Es gibt mittlerweile derart gute WLPs wie die genannte Kryonaut die im Vergleich zu Flüssigmetall nur im Bereich der messungenauigkeit schlechter ist.

Ob meine CPU/GPU jetzt 60 oder 61°C hat ist sowas von egal dass ich mir die nachteile des Metalls nicht antun muss - der eingesetzte Kühler, der Airflow im Gehäuse, die OC-Einstellungen und so weiter haben sehr sehr viel mehr Einfluss auf die Chiptemperatur als ob ich jetzt LiquidMetal oder Kryonatu draufschmiere. 

Für Leute die das allerletzte rausholen wollen was machbar ist sicher eine gute Wahl, für alle anderen ists finde ich Käse.


----------



## Lios Nudin (24. Juni 2016)

*AW: Wärmeleitpaste aus Flüssigmetall*

Bei einem Core i7-6700K ohne OC und ohne Spannungserhöhung sind es bei sehr hoher Auslastung 18°C.

CPU-Kopfen mit Delid-Die-Mate im Test (Seite 2) - ComputerBase

Bei Hardwareluxx bei einer niedrigeren Auslastung, dafür mit OC und Spannungserhöhung sind es 17°C.

Delid Die Mate im Test - Hardwareluxx

Es ist also defininitiv mehr drin als 60°C vs. 61°C.

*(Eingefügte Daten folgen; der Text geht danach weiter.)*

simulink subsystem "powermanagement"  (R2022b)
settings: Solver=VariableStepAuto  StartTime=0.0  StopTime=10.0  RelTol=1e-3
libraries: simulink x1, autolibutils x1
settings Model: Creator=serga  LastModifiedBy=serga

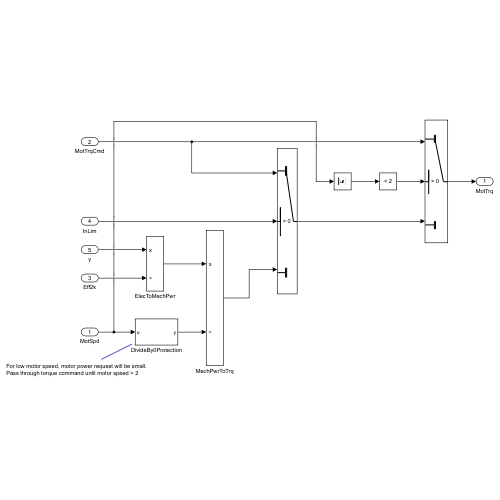
[thumbnail: Simulink's stored preview of the top-level diagram]
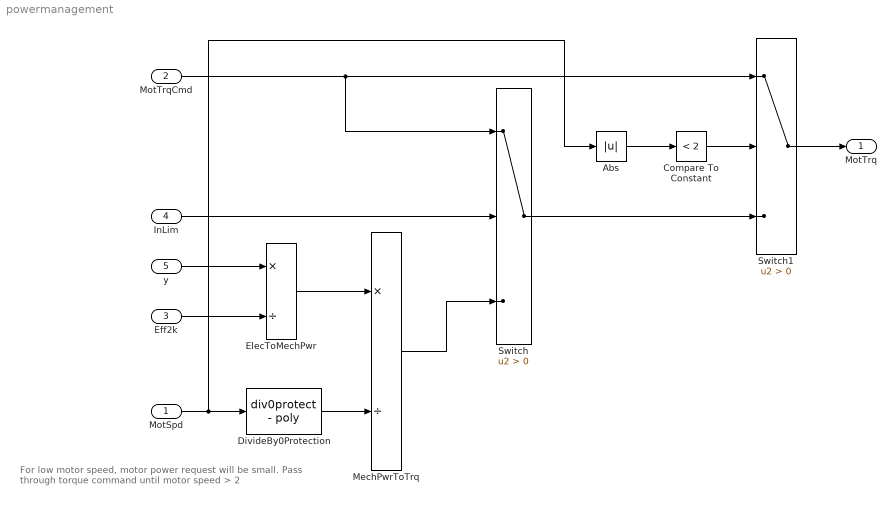
== system powermanagement ==
  note: For low motor speed, motor power request will be small. Pass through torque command until motor speed > 2
  MotSpd : Inport
  MotTrqCmd : Inport  Port=2
  Eff2k : Inport  Port=3
  InLim : Inport  Port=4
  y : Inport  Port=5
  Abs : Abs  SaturateOnIntegerOverflow=off
  Compare To Constant : simulink/Logic and Bit Operations/Compare To Constant  relop=<  const=2  OutDataTypeStr=boolean
  DivideBy0Protection : autolibutils/div0protect - poly  thresh=2  ZeroCross1=off  aMode=aMode
  ElecToMechPwr : Product  Inputs=*/
  MechPwrToTrq : Product  Inputs=*/
  Switch : Switch  Criteria=u2 > Threshold  SaturateOnIntegerOverflow=off  InputSameDT=off
  Switch1 : Switch  Criteria=u2 > Threshold  SaturateOnIntegerOverflow=off  InputSameDT=off
  MotTrq : Outport
  wires:
  y/1 -> ElecToMechPwr/1
  Eff2k/1 -> ElecToMechPwr/2
  ElecToMechPwr/1 -> MechPwrToTrq/1
  MotSpd/1 -> Abs/1, DivideBy0Protection/1
  DivideBy0Protection/1 -> MechPwrToTrq/2
  InLim/1 -> Switch/2
  MechPwrToTrq/1 -> Switch/3
  MotTrqCmd/1 -> Switch1/1, Switch/1
  Switch/1 -> Switch1/3
  Abs/1 -> Compare To Constant/1
  Compare To Constant/1 -> Switch1/2
  Switch1/1 -> MotTrq/1
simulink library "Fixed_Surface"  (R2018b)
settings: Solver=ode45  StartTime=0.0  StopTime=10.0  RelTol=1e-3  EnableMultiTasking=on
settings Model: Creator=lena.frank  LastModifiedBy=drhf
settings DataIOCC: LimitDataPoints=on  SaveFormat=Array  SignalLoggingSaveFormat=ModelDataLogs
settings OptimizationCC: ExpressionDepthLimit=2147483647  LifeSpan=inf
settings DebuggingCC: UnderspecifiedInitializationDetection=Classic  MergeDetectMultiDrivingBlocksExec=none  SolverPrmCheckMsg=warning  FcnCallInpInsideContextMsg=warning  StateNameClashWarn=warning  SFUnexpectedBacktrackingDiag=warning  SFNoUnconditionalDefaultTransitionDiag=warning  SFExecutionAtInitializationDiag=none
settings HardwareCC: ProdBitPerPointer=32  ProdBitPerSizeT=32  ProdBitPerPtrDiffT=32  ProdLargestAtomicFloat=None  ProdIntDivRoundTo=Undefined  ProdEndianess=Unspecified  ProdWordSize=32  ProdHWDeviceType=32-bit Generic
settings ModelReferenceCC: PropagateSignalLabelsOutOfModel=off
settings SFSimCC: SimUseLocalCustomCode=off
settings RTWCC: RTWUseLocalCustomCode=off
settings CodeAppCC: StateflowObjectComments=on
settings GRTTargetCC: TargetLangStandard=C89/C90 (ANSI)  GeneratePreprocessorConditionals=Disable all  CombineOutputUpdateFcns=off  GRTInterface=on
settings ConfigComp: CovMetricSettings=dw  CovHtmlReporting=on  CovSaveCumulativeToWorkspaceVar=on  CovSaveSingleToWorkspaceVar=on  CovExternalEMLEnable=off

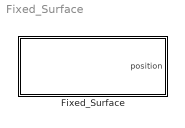
== system Fixed_Surface ==
  Fixed_Surface : Subsystem  mask(fixed surface){colangle=0, colazi=0, colrot=0}
      mask prompts: colangle "Slope of surface (0° = horizontal) [degree]"; colazi "Azimuth of surface (0° = south, -90° = east) [degree]"; colrot "Rotation angle of surface [degree]"
      mask help:
      | Set collector or surface to a fixed position.
      | All angles are limited to the range -180 ° ... +180 °
      mask init:
      | colangle = min(180, max(-180, colangle));
      | colazi = min(180, max(-180, colazi));
      | colrot = min(180, max(-180, colrot));
      mask Help: web(fullfile(path_carnot('help'),'Fixed_Surface.html'),'-helpbrowser')
      mask Display:
      | disp(['Inclination: ' get_param(gcb,'colangle') '°\n\n'])
      | disp(['\n\nAzimuth   : ' get_param(gcb,'colazi') '°\n\n'])
      | disp(['\n\nRotation  : ' get_param(gcb,'colrot') '°'])

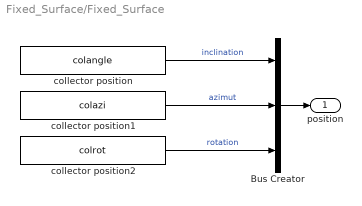
== system Fixed_Surface/Fixed_Surface ==
  Bus Creator : BusCreator  Inputs=3
  collector position : Constant  Value=colangle
  collector position1 : Constant  Value=colazi
  collector position2 : Constant  Value=colrot
  position : Outport
  wires:
  Bus Creator/1 -> position/1
  collector position/1 -> Bus Creator/1  "inclination"
  collector position1/1 -> Bus Creator/2  "azimut"
  collector position2/1 -> Bus Creator/3  "rotation"
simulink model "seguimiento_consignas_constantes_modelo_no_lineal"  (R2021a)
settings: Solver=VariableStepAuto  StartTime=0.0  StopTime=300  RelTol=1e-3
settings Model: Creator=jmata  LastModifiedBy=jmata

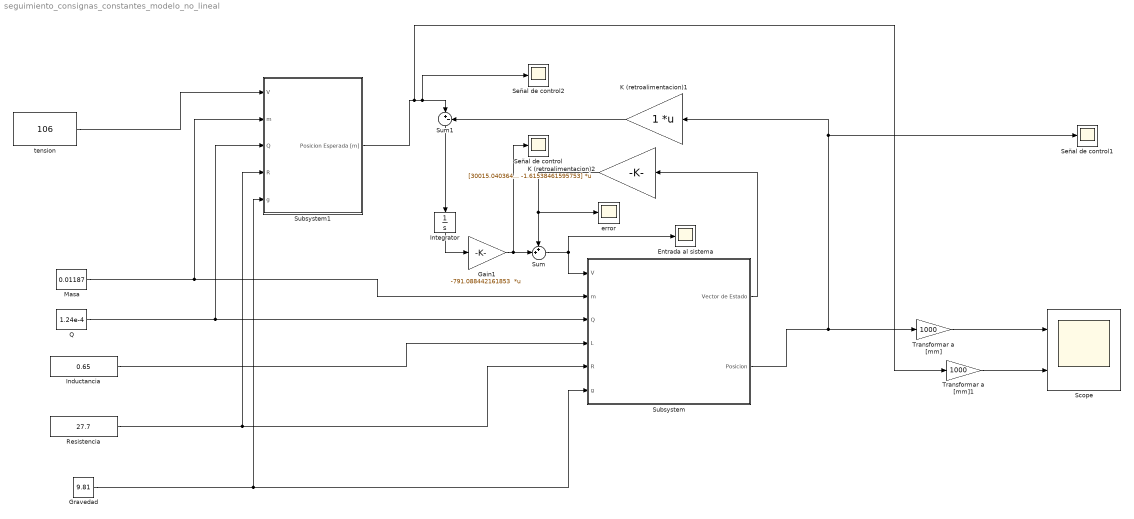
== system seguimiento_consignas_constantes_modelo_no_lineal ==
  Entrada al sistema : Scope
  Gain1 : Gain  Gain=-791.088442161853  Multiplication=Matrix(K*u)
  Gravedad : Constant  Value=9.81
  Inductancia : Constant  Value=0.65
  Integrator : Integrator
  K (retroalimentacion)1 : Gain  Multiplication=Matrix(K*u)
  K (retroalimentacion)2 : Gain  Gain=[30015.0403648094 1205.09300494195 -1.61538461595753]  Multiplication=Matrix(K*u)
  Masa : Constant  Value=0.01187
  Q : Constant  Value=1.24e-4
  Resistencia : Constant  Value=27.7
  Scope : Scope  NumInputPorts=2
  Señal de control : Scope
  Señal de control1 : Scope
  Señal de control2 : Scope
  Subsystem : Subsystem
  Subsystem1 : Subsystem
  Sum : Sum  Inputs=++|
  Sum1 : Sum  Inputs=|+-
  Transformar a [mm] : Gain  Gain=1000
  Transformar a [mm]1 : Gain  Gain=1000
  error : Scope
  tension : Constant  Value=106
  wires:
  Masa/1 -> Subsystem1/2(m), Subsystem/2(m)
  Q/1 -> Subsystem1/3(Q), Subsystem/3(Q)
  Inductancia/1 -> Subsystem/4(L)
  Resistencia/1 -> Subsystem1/4(R), Subsystem/5(R)
  Gravedad/1 -> Subsystem/6(g), Subsystem1/5(g)
  Subsystem/1(Vector de Estado) -> K (retroalimentacion)2/1
  K (retroalimentacion)2/1 -> Sum/1, error/1
  Transformar a [mm]/1 -> Scope/1
  Subsystem/2(Posicion) -> Señal de control1/1, K (retroalimentacion)1/1, Transformar a [mm]/1
  Sum/1 -> Subsystem/1(V), Entrada al sistema/1
  Gain1/1 -> Señal de control/1, Sum/2
  Integrator/1 -> Gain1/1
  Sum1/1 -> Integrator/1
  K (retroalimentacion)1/1 -> Sum1/2
  tension/1 -> Subsystem1/1(V)
  Subsystem1/1("Posicion Esperada [m] ") -> Transformar a [mm]1/1, Señal de control2/1, Sum1/1
  Transformar a [mm]1/1 -> Scope/2

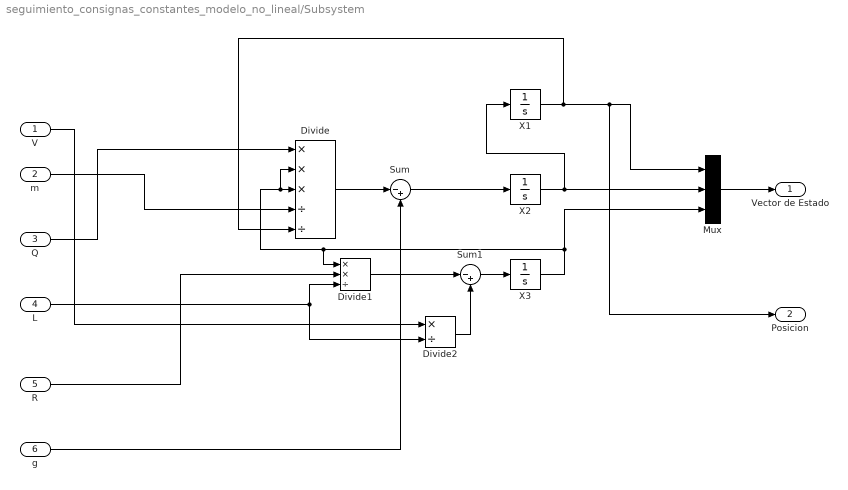
== system seguimiento_consignas_constantes_modelo_no_lineal/Subsystem ==
  V : Inport
  m : Inport  Port=2
  Q : Inport  Port=3
  L : Inport  Port=4
  R : Inport  Port=5
  g : Inport  Port=6
  Divide : Product  Inputs=***//
  Divide1 : Product  Inputs=**/
  Divide2 : Product  Inputs=*/
  Mux : Mux  Inputs=3
  Sum : Sum  Inputs=|-+
  Sum1 : Sum  Inputs=|-+
  X1 : Integrator  InitialCondition=0.00175
  X2 : Integrator
  X3 : Integrator
  Vector de Estado : Outport
  Posicion : Outport  Port=2
  wires:
  Divide/1 -> Sum/1
  Sum/1 -> X2/1
  L/1 -> Divide2/2, Divide1/3
  Sum1/1 -> X3/1
  X3/1 -> Mux/3, Divide1/1, Divide/2, Divide/3
  Divide2/1 -> Sum1/2
  X1/1 -> Posicion/1, Mux/1, Divide/5
  X2/1 -> Mux/2, X1/1
  g/1 -> Sum/2
  Divide1/1 -> Sum1/1
  m/1 -> Divide/4
  Q/1 -> Divide/1
  Mux/1 -> Vector de Estado/1
  R/1 -> Divide1/2
  V/1 -> Divide2/1

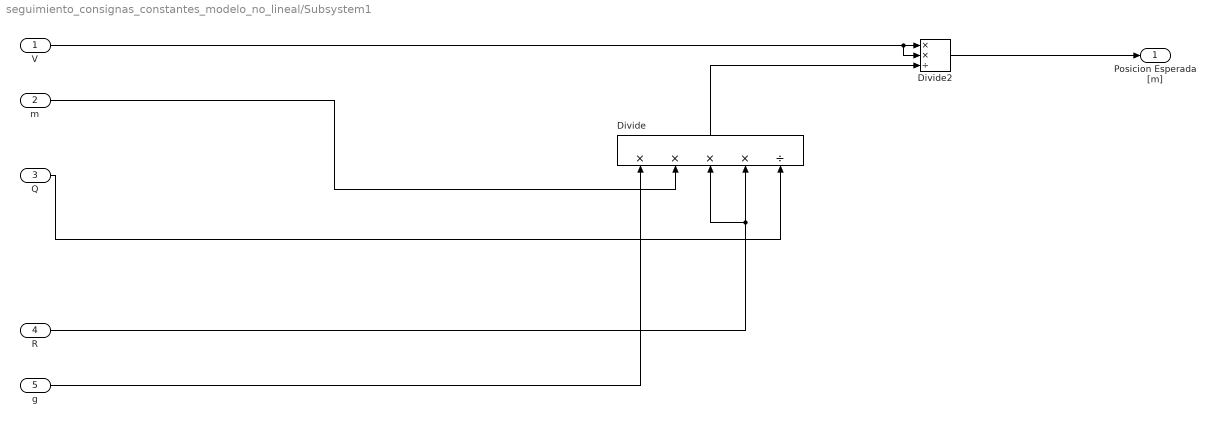
== system seguimiento_consignas_constantes_modelo_no_lineal/Subsystem1 ==
  V : Inport
  m : Inport  Port=2
  Q : Inport  Port=3
  R : Inport  Port=4
  g : Inport  Port=5
  Divide : Product  Inputs=****/
  Divide2 : Product  Inputs=**/
  "Posicion Esperada [m] " : Outport
  wires:
  R/1 -> Divide/3, Divide/4
  Divide/1 -> Divide2/3
  Q/1 -> Divide/5
  m/1 -> Divide/2
  Divide2/1 -> "Posicion Esperada [m] "/1
  g/1 -> Divide/1
  V/1 -> Divide2/2, Divide2/1

Ob diese Temperaturverbesserung für eine Person als Antrieb ausreicht, das Köpfen und der Austausch mit Flüssigmetall anzugehen muss jeder selbst entscheiden. Dass ich Skylake und Co. auch ohne diesen Vorgang betreiben kann zweifelt ja niemand an, ein deutlich positiver Effekt ist durch das Köpfen aber nachweislich vorhanden. Je höher die Auslastung der CPU, umso deutlich er sind die Vorteile. Wenn man es also nicht aus Spaß an der Freude macht, kann man bei der Entscheidung "Köpfen - ja oder nein" noch das individuelle Auslastungsszenario beachten, dem die CPU ausgestzt wird.


----------



## cann0nf0dder (24. Juni 2016)

*AW: Wärmeleitpaste aus Flüssigmetall*

konnte bei meiner wakü und gaming pc auch nur einen unterschied von 2°C zu normaler Paste feststellen, dafür ist mir das ganze dann zu frickelig sowie teuer warum ich nun wieder normale Paste nutze 
mag sein das die unter luft wo eh schon höhere temps herschen besser abschneidet, bei potenter wakü waren es wie gesagt ~2°C die es gebracht hatte


----------



## Incredible Alk (24. Juni 2016)

*AW: Wärmeleitpaste aus Flüssigmetall*



Lios Nudin schrieb:


> Es ist also defininitiv mehr drin als 60°C vs. 61°C.



Es geht NICHT um Den Unterschied zwischen geköpft oder nicht (das ist natürlich viel mehr!), es geht um den Unterschied zwischen Kryonaut und Flüssigmetall. Der ist vernachlässigbar winzig. Selbst der Unterschied zwischen Flüssigmetall und Ketchup sind keine 17 Grad.


----------



## Lios Nudin (24. Juni 2016)

*AW: Wärmeleitpaste aus Flüssigmetall*

Stimmt, da habe ich deine erste Antwort auf meinen Kommentar falsch verstanden.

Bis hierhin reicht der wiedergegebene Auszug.